Could someone help please?
Hartmuto
12th of April 2007 (Thu), 19:05
Hmmh, no responses.
Does nobody has this problem or is it too minor? Thanks.
jeronimo
13th of April 2007 (Fri), 04:41
You can check the language files if there is anything strange there
The names (display, category and listing type) are read from one of the language files. There might me someting wronk there.
Hartmuto
16th of April 2007 (Mon), 09:27
Thanks for the tip jeronimo. I've checked the language file but can't see anything there. The translations appear to be correct. Also, it seems that the problem is not with the translated word, but rather the space (? or something) between the word and the input field. I also checked the database and the collation in all tables in there says "latin1_swedish_ci ". Could this be a problem?
Pekka
16th of April 2007 (Mon), 13:32
I recall I saw this problem during developement but I can't remember what it was.... maybe reuploading original language files as ASCII would help?

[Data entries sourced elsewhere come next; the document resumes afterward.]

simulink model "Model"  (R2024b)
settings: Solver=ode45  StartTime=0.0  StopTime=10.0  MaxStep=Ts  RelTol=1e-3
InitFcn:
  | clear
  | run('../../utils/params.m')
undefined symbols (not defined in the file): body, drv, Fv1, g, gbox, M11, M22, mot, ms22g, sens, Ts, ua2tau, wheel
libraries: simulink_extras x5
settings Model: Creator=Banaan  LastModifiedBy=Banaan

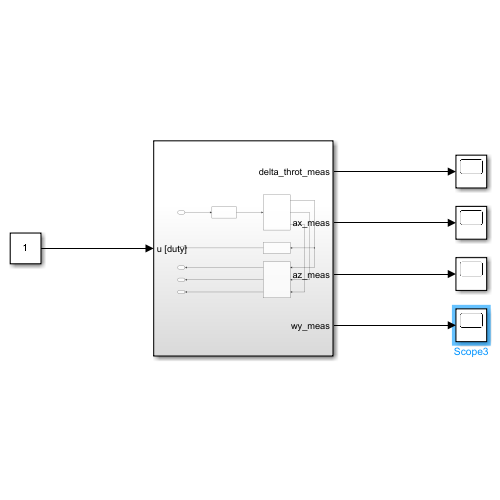
[thumbnail: Simulink's stored preview of the top-level diagram]
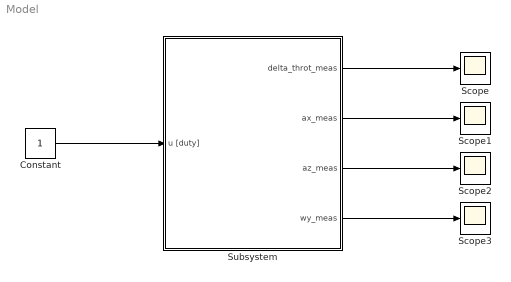
== system Model ==
  Constant : Constant
  Scope{,1..3} (4 alike) : Scope
  Subsystem : Subsystem
  wires:
  Constant/1 -> Subsystem/1(u [duty])
  Subsystem/1(delta_throt_meas) -> Scope/1
  Subsystem/2(ax_meas) -> Scope1/1
  Subsystem/3(az_meas) -> Scope2/1
  Subsystem/4(wy_meas) -> Scope3/1

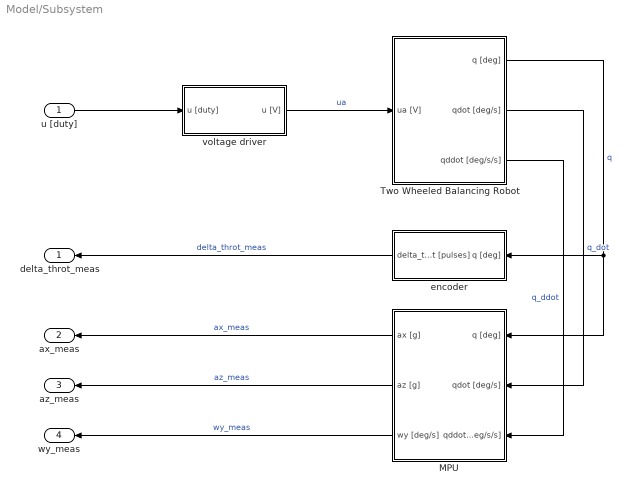
== system Model/Subsystem ==
  u [duty] : Inport
  MPU : Subsystem
  Two Wheeled Balancing Robot : Subsystem
  encoder : Subsystem
  voltage driver : Subsystem
  delta_throt_meas : Outport
  ax_meas : Outport  Port=2
  az_meas : Outport  Port=3
  wy_meas : Outport  Port=4
  wires:
  Two Wheeled Balancing Robot/1(q [deg]) -> encoder/1(q [deg]), MPU/1(q [deg])  "q"
  MPU/3(wy [deg/s]) -> wy_meas/1  "wy_meas"
  encoder/1(delta_throt [pulses]) -> delta_throt_meas/1  "delta_throt_meas"
  MPU/2(az [g]) -> az_meas/1  "az_meas"
  voltage driver/1(u [V]) -> Two Wheeled Balancing Robot/1(ua [V])  "ua"
  Two Wheeled Balancing Robot/2(qdot [deg/s]) -> MPU/2(qdot [deg/s])  "q_dot"
  Two Wheeled Balancing Robot/3(qddot [deg/s/s]) -> MPU/3(qddot [deg/s/s])  "q_ddot"
  MPU/1(ax [g]) -> ax_meas/1  "ax_meas"
  u [duty]/1 -> voltage driver/1(u [duty])

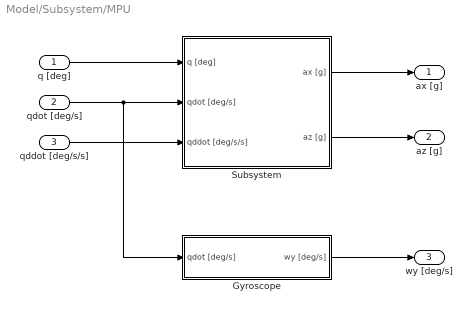
== system Model/Subsystem/MPU ==
  q [deg] : Inport
  qdot [deg/s] : Inport  Port=2
  qddot [deg/s/s] : Inport  Port=3
  Gyroscope : Subsystem
  Subsystem : Subsystem
  ax [g] : Outport
  az [g] : Outport  Port=2
  wy [deg/s] : Outport  Port=3
  wires:
  qddot [deg/s/s]/1 -> Subsystem/3(qddot [deg/s/s])
  qdot [deg/s]/1 -> Subsystem/2(qdot [deg/s]), Gyroscope/1(qdot [deg/s])
  Subsystem/2(az [g]) -> az [g]/1
  q [deg]/1 -> Subsystem/1(q [deg])
  Gyroscope/1(wy [deg/s]) -> wy [deg/s]/1
  Subsystem/1(ax [g]) -> ax [g]/1

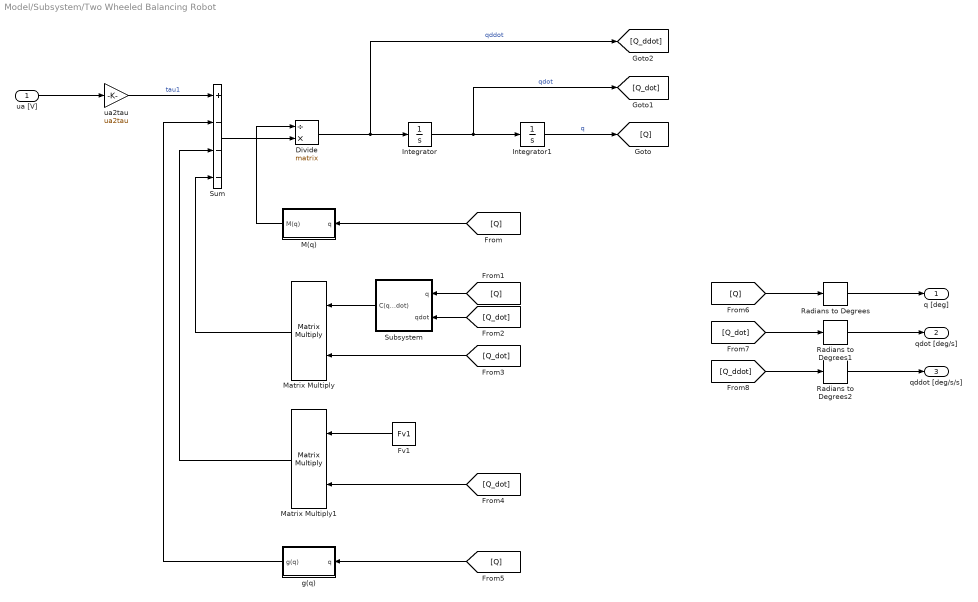
== system Model/Subsystem/Two Wheeled Balancing Robot ==
  ua [V] : Inport
  Divide : Product  Inputs=/*  Multiplication=Matrix(*)
  Fv1 : Constant  Value=Fv1
  Integrator : Integrator
  Integrator1 : Integrator
  M(q) : Subsystem
  Matrix Multiply : Product  Multiplication=Matrix(*)
  Matrix Multiply1 : Product  Multiplication=Matrix(*)
  Radians to Degrees : simulink_extras/Transformations/Radians to Degrees
  Radians to Degrees1 : simulink_extras/Transformations/Radians to Degrees
  Radians to Degrees2 : simulink_extras/Transformations/Radians to Degrees
  Subsystem : Subsystem
  Sum : Sum  Inputs=+---
  g(q) : Subsystem
  ua2tau : Gain  Gain=ua2tau
  q [deg] : Outport
  qdot [deg/s] : Outport  Port=2
  qddot [deg/s/s] : Outport  Port=3
  wires:
  [Q] -> M(q)/1(q)
  [Q_ddot] -> Radians to Degrees2/1
  Divide/1 -> [Q_ddot], Integrator/1  "qddot"
  Sum/1 -> Divide/2
  M(q)/1(M(q)) -> Divide/1
  [Q] -> Radians to Degrees/1
  Subsystem/1("C(q, qdot)") -> Matrix Multiply/1
  [Q_dot] -> Matrix Multiply1/2
  [Q_dot] -> Radians to Degrees1/1
  Matrix Multiply/1 -> Sum/4
  Integrator/1 -> [Q_dot], Integrator1/1  "qdot"
  [Q] -> Subsystem/1(q)
  Matrix Multiply1/1 -> Sum/3
  g(q)/1(g(q)) -> Sum/2
  Integrator1/1 -> [Q]  "q"
  [Q_dot] -> Subsystem/2(qdot)
  Fv1/1 -> Matrix Multiply1/1
  [Q_dot] -> Matrix Multiply/2
  ua2tau/1 -> Sum/1  "tau1"
  Radians to Degrees1/1 -> qdot [deg/s]/1
  Radians to Degrees/1 -> q [deg]/1
  [Q] -> g(q)/1(q)
  Radians to Degrees2/1 -> qddot [deg/s/s]/1
  ua [V]/1 -> ua2tau/1

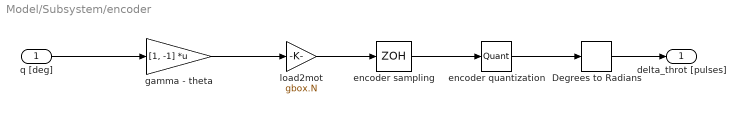
== system Model/Subsystem/encoder ==
  q [deg] : Inport
  Degrees to Radians : simulink_extras/Transformations/Degrees to Radians
  encoder quantization : Quantizer  QuantizationInterval=sens.enc.pulse2deg
  encoder sampling : ZeroOrderHold  SampleTime=Ts
  gamma - theta : Gain  Gain=[1, -1]  Multiplication=Matrix(K*u)
  load2mot : Gain  Gain=gbox.N
  delta_throt [pulses] : Outport
  wires:
  encoder sampling/1 -> encoder quantization/1
  q [deg]/1 -> gamma - theta/1
  encoder quantization/1 -> Degrees to Radians/1
  load2mot/1 -> encoder sampling/1
  gamma - theta/1 -> load2mot/1
  Degrees to Radians/1 -> delta_throt [pulses]/1

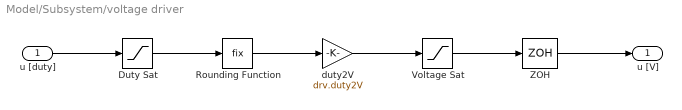
== system Model/Subsystem/voltage driver ==
  u [duty] : Inport
  Duty Sat : Saturate  UpperLimit=drv.dutymax  LowerLimit=-drv.dutymax
  Rounding Function : Rounding  Operator=fix
  Voltage Sat : Saturate  UpperLimit=drv.Vbus  LowerLimit=-drv.Vbus
  ZOH : ZeroOrderHold  SampleTime=Ts
  duty2V : Gain  Gain=drv.duty2V
  u [V] : Outport
  wires:
  Duty Sat/1 -> Rounding Function/1
  duty2V/1 -> Voltage Sat/1
  u [duty]/1 -> Duty Sat/1
  Voltage Sat/1 -> ZOH/1
  Rounding Function/1 -> duty2V/1
  ZOH/1 -> u [V]/1

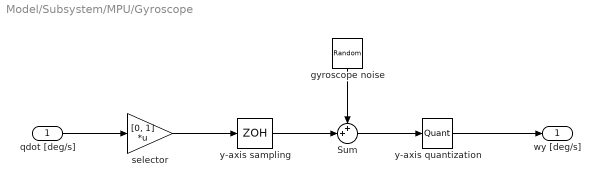
== system Model/Subsystem/MPU/Gyroscope ==
  qdot [deg/s] : Inport
  Sum : Sum  Inputs=++|
  gyroscope noise : RandomNumber  Variance=sens.mpu.gyro.noisevar  SampleTime=Ts
  selector : Gain  Gain=[0, 1]  Multiplication=Matrix(K*u)
  y-axis quantization : Quantizer  QuantizationInterval=sens.mpu.gyro.LSB2degs
  y-axis sampling : ZeroOrderHold  SampleTime=Ts
  wy [deg/s] : Outport
  wires:
  y-axis quantization/1 -> wy [deg/s]/1
  selector/1 -> y-axis sampling/1
  Sum/1 -> y-axis quantization/1
  gyroscope noise/1 -> Sum/1
  y-axis sampling/1 -> Sum/2
  qdot [deg/s]/1 -> selector/1

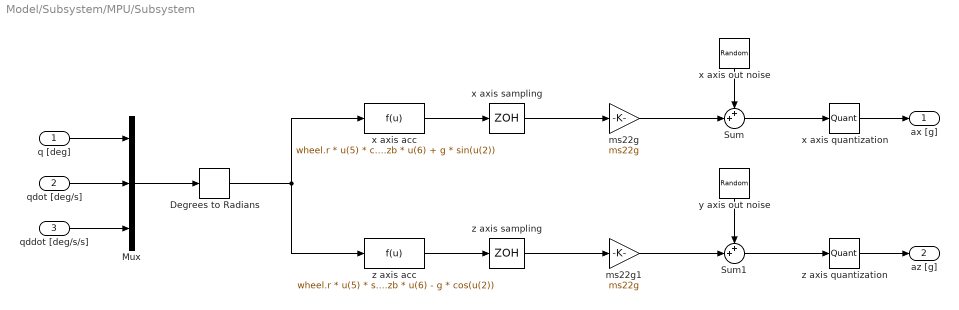
== system Model/Subsystem/MPU/Subsystem ==
  q [deg] : Inport
  qdot [deg/s] : Inport  Port=2
  qddot [deg/s/s] : Inport  Port=3
  Degrees to Radians : simulink_extras/Transformations/Degrees to Radians
  Mux : Mux  Inputs=3
  Sum : Sum  Inputs=++|
  Sum1 : Sum  Inputs=++|
  ms22g : Gain  Gain=ms22g
  ms22g1 : Gain  Gain=ms22g
  x axis out noise : RandomNumber  Variance=sens.mpu.acc.noisevar  SampleTime=Ts
  x axis quantization : Quantizer  QuantizationInterval=sens.mpu.acc.LSB2g
  x axis sampling : ZeroOrderHold  SampleTime=Ts
  x axis acc : Fcn  Expr=wheel.r * u(5) * cos(u(2)) + sens.mpu.zb * u(6) + g * sin(u(2))
  y axis out noise : RandomNumber  Variance=sens.mpu.acc.noisevar  SampleTime=Ts
  z axis quantization : Quantizer  QuantizationInterval=sens.mpu.acc.LSB2g
  z axis sampling : ZeroOrderHold  SampleTime=Ts
  z axis acc : Fcn  Expr=wheel.r * u(5) * sin(u(2)) - sens.mpu.zb * u(6) - g * cos(u(2))
  ax [g] : Outport
  az [g] : Outport  Port=2
  wires:
  x axis acc/1 -> x axis sampling/1
  z axis acc/1 -> z axis sampling/1
  x axis out noise/1 -> Sum/1
  x axis quantization/1 -> ax [g]/1
  y axis out noise/1 -> Sum1/1
  ms22g/1 -> Sum/2
  x axis sampling/1 -> ms22g/1
  ms22g1/1 -> Sum1/2
  Sum1/1 -> z axis quantization/1
  z axis sampling/1 -> ms22g1/1
  Sum/1 -> x axis quantization/1
  qdot [deg/s]/1 -> Mux/2
  z axis quantization/1 -> az [g]/1
  q [deg]/1 -> Mux/1
  qddot [deg/s/s]/1 -> Mux/3
  Mux/1 -> Degrees to Radians/1
  Degrees to Radians/1 -> z axis acc/1, x axis acc/1

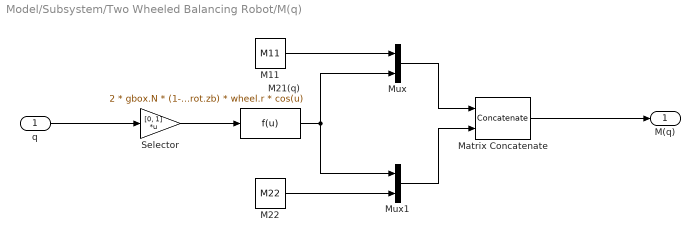
== system Model/Subsystem/Two Wheeled Balancing Robot/M(q) ==
  q : Inport
  M11 : Constant  Value=M11
  M21(q) : Fcn  Expr=2 * gbox.N * (1-gbox.N) * mot.rot.Iyy + (body.m * body.zb + 2 * mot.rot.m * mot.rot.zb) * wheel.r * cos(u)
  M22 : Constant  Value=M22
  Matrix Concatenate : Concatenate  Mode=Multidimensional array  ConcatenateDimension=2
  Mux : Mux  Inputs=2
  Mux1 : Mux  Inputs=2
  Selector : Gain  Gain=[0, 1]  Multiplication=Matrix(K*u)
  M(q) : Outport
  wires:
  M22/1 -> Mux1/2
  Selector/1 -> M21(q)/1
  M21(q)/1 -> Mux1/1, Mux/2
  Mux/1 -> Matrix Concatenate/1
  M11/1 -> Mux/1
  Matrix Concatenate/1 -> M(q)/1
  Mux1/1 -> Matrix Concatenate/2
  q/1 -> Selector/1

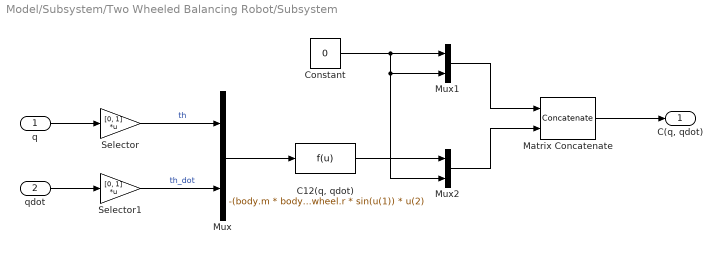
== system Model/Subsystem/Two Wheeled Balancing Robot/Subsystem ==
  q : Inport
  qdot : Inport  Port=2
  "C12(q, qdot)" : Fcn  Expr=-(body.m * body.zb + 2 * mot.rot.m * mot.rot.zb) * wheel.r * sin(u(1)) * u(2)
  Constant : Constant  Value=0
  Matrix Concatenate : Concatenate  Mode=Multidimensional array  ConcatenateDimension=2
  Mux : Mux  Inputs=2
  Mux1 : Mux  Inputs=2
  Mux2 : Mux  Inputs=2
  Selector : Gain  Gain=[0, 1]  Multiplication=Matrix(K*u)
  Selector1 : Gain  Gain=[0, 1]  Multiplication=Matrix(K*u)
  "C(q, qdot)" : Outport
  wires:
  "C12(q, qdot)"/1 -> Mux2/1
  Mux1/1 -> Matrix Concatenate/1
  Constant/1 -> Mux2/2, Mux1/2, Mux1/1
  Matrix Concatenate/1 -> "C(q, qdot)"/1
  Selector1/1 -> Mux/2  "th_dot"
  Selector/1 -> Mux/1  "th"
  Mux/1 -> "C12(q, qdot)"/1
  Mux2/1 -> Matrix Concatenate/2
  q/1 -> Selector/1
  qdot/1 -> Selector1/1

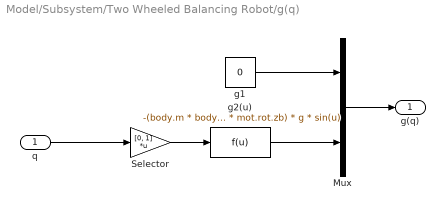
== system Model/Subsystem/Two Wheeled Balancing Robot/g(q) ==
  q : Inport
  Mux : Mux  Inputs=2
  Selector : Gain  Gain=[0, 1]  Multiplication=Matrix(K*u)
  g1 : Constant  Value=0
  g2(u) : Fcn  Expr=-(body.m * body.zb + 2 * mot.rot.m * mot.rot.zb) * g * sin(u)
  g(q) : Outport
  wires:
  Selector/1 -> g2(u)/1
  g2(u)/1 -> Mux/2
  g1/1 -> Mux/1
  q/1 -> Selector/1
  Mux/1 -> g(q)/1

If you edit language files, do them with EE editor or some other simple text editor so that not special control characters are added by editor.
Database collation does not matter, those texts are not coming from database.
Hartmuto
16th of April 2007 (Mon), 23:35
Thanks Pekka. I did not touch the language files, but your suggestion got me to look at the character sets. Bingo, here was the problem. My browsers (IE7 and Firefox) both had the character set defined as UTF-8. I changed the setting to 'Auto select' and the correct character set (Western European ISO) got loaded.
I wonder, however, if there is still a problem somewhere in the code. Without 'Auto Select' my webpage loads with the UTF-8 character set, but when I load for example Pekka's gallery it loads with the iso-8859-1 character set.
NB: I have installed plain vanilla and have not modified any stylesheet or templates.
Hartmuto
16th of April 2007 (Mon), 23:45
It was perhaps premature to say the problem has been fixed. With the above change to "Auto Select' in the browser, when I changed the language from English to German, I had the problem again, ie. character set showed UTF-8. When I changed back to English the character set remained UTF-8. Can someone perhaps point me to where else I could look? Many Thanks.
Hartmuto
17th of April 2007 (Tue), 21:22
I solved it this time.
The problem was that Apache had a default directive switched on to use UTF-8. I commented that out so that the directives from the meta tag in the HTML header is used, and it works.
Thanks everyone for their help.;)
MMCM
23rd of April 2007 (Mon), 12:24
After a long pause without enabling my test EE 2.x gallery for real use, I'm currently upgrading my EE 1.5RC4 gallery to EE 2.xx again (with a lot of modifications to upgrade.php, to keep most of the site structure intact - I'll post those modifications later), and this "bug" occured on my site too.
I'm using UTF-8 throughout the whole site, DB is UTF-8, all language files converted to UTF-8, and DB connections converted to UTF-8 too. This is the only safe way to handle multilanguage characters, german and polish accented characters can't be shown together in ISO-8859-1 or ISO-8859-2. UTF-8 seems the only way to go.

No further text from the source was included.